На рис. 1 представлены относительные частоты кооперативных решений для русских и бурятских мужчин и женщин. Женщины принимали решение отказаться от кооперации значимо чаще, чем вступить в кооперацию, что было характерно как для русских (критерий согласия хи-квадрат: X2 = 14,925, df = 1, p < 0,001), так и для бурятских женщин (X2 = 6,969, df = 1, p = 0,008).
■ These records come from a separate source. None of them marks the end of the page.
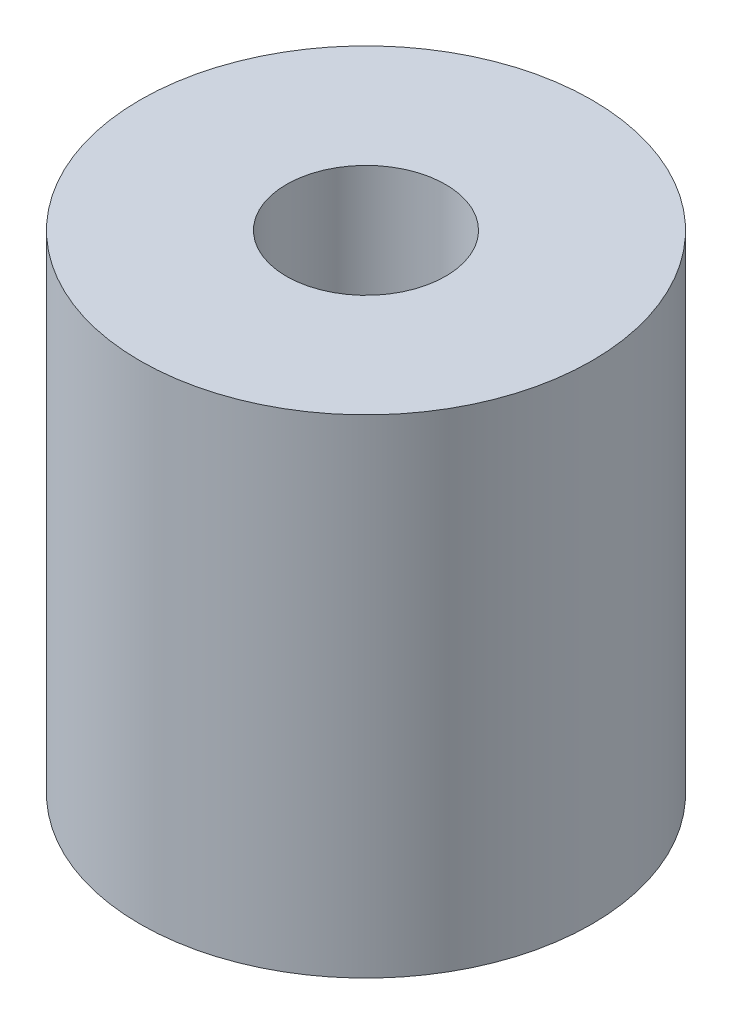
SolidWorks part; units mm, degrees
ref_plane "Front Plane" through (0, 0, 0) normal (0, 0, 1) x (1, 0, 0)
ref_plane "Top Plane" through (0, 0, 0) normal (0, 1, 0) x (1, 0, 0)
ref_plane "Right Plane" through (0, 0, 0) normal (1, 0, 0) x (0, 0, -1)
sketch "Sketch1" plane through (0, 0, 0) normal (0, 1, 0) x (1, 0, 0)
  circle A0 centre (0, 0) radius 1.632
  circle A1 centre (0, 0) radius 4.632
  dimension "D1" = 3.2639
  dimension "D2" = 3
extrude "Boss-Extrude1" add sketch "Sketch1" along normal blind 10

Согласно результатам анализа с помощью критерия независимости хи-квадрат, русские и бурятские женщины значимо не различались по уровню кооперативности в парных взаимодействиях (X2 = 1,221, df = 1, p = 0,269).
Рис. 1. Распределение мужских и женских решений в игре «Дилемма заключенного» для русских (а) и бурят (б)
Примечание: PD – Prisoner’s Dilemma («Дилемма заключенного»); представлены относительные частоты для каждого пола.
Русские мужчины были больше склонны к кооперации, чем русские женщины (52,5 % мужских решений «кооперироваться» против 39,2 % женских решений), и эти половые различия статистически значимы (критерий независимости хи-квадрат: X2 = 12,080, df = 1, p < 0,001). Для русских мужчин также был обнаружен тренд на повышенную кооперативность в парных взаимодействиях по сравнению с бурятскими мужчинами (X2 = 3,266, df = 1, p = 0,071). Значимых половых различий в парной кооперации у бурят не обнаружено.
Подводя итоги этого раздела, можно заключить: (а) что русские и бурятские женщины не различались в склонности к кооперации в парных однополых взаимодействиях; и те и другие были больше склонны отказываться, нежели вступать в кооперацию; (б) русские мужчины продемонстрировали самый высокий уровень кооперативности в парных взаимодействиях.
Популяционные и половые различия в групповой кооперации. В этом разделе мы сравниваем особенности кооперативного поведения русских и бурятских мужчин и женщин в условиях групповых экспериментальных взаимодействий (игра «Общественное благо»). Как уже отмечалось выше, половые различия в групповой кооперации бурят были подробно исследованы в нашей предшествующей работе (Rostovtseva et al. 2020). В настоящей работе мы используем несколько иной подход и рассматриваем кооперативное поведение не на основе стратегий (как это было сделано ранее), а анализируем вклады в общий пул в каждом раунде групповой игры.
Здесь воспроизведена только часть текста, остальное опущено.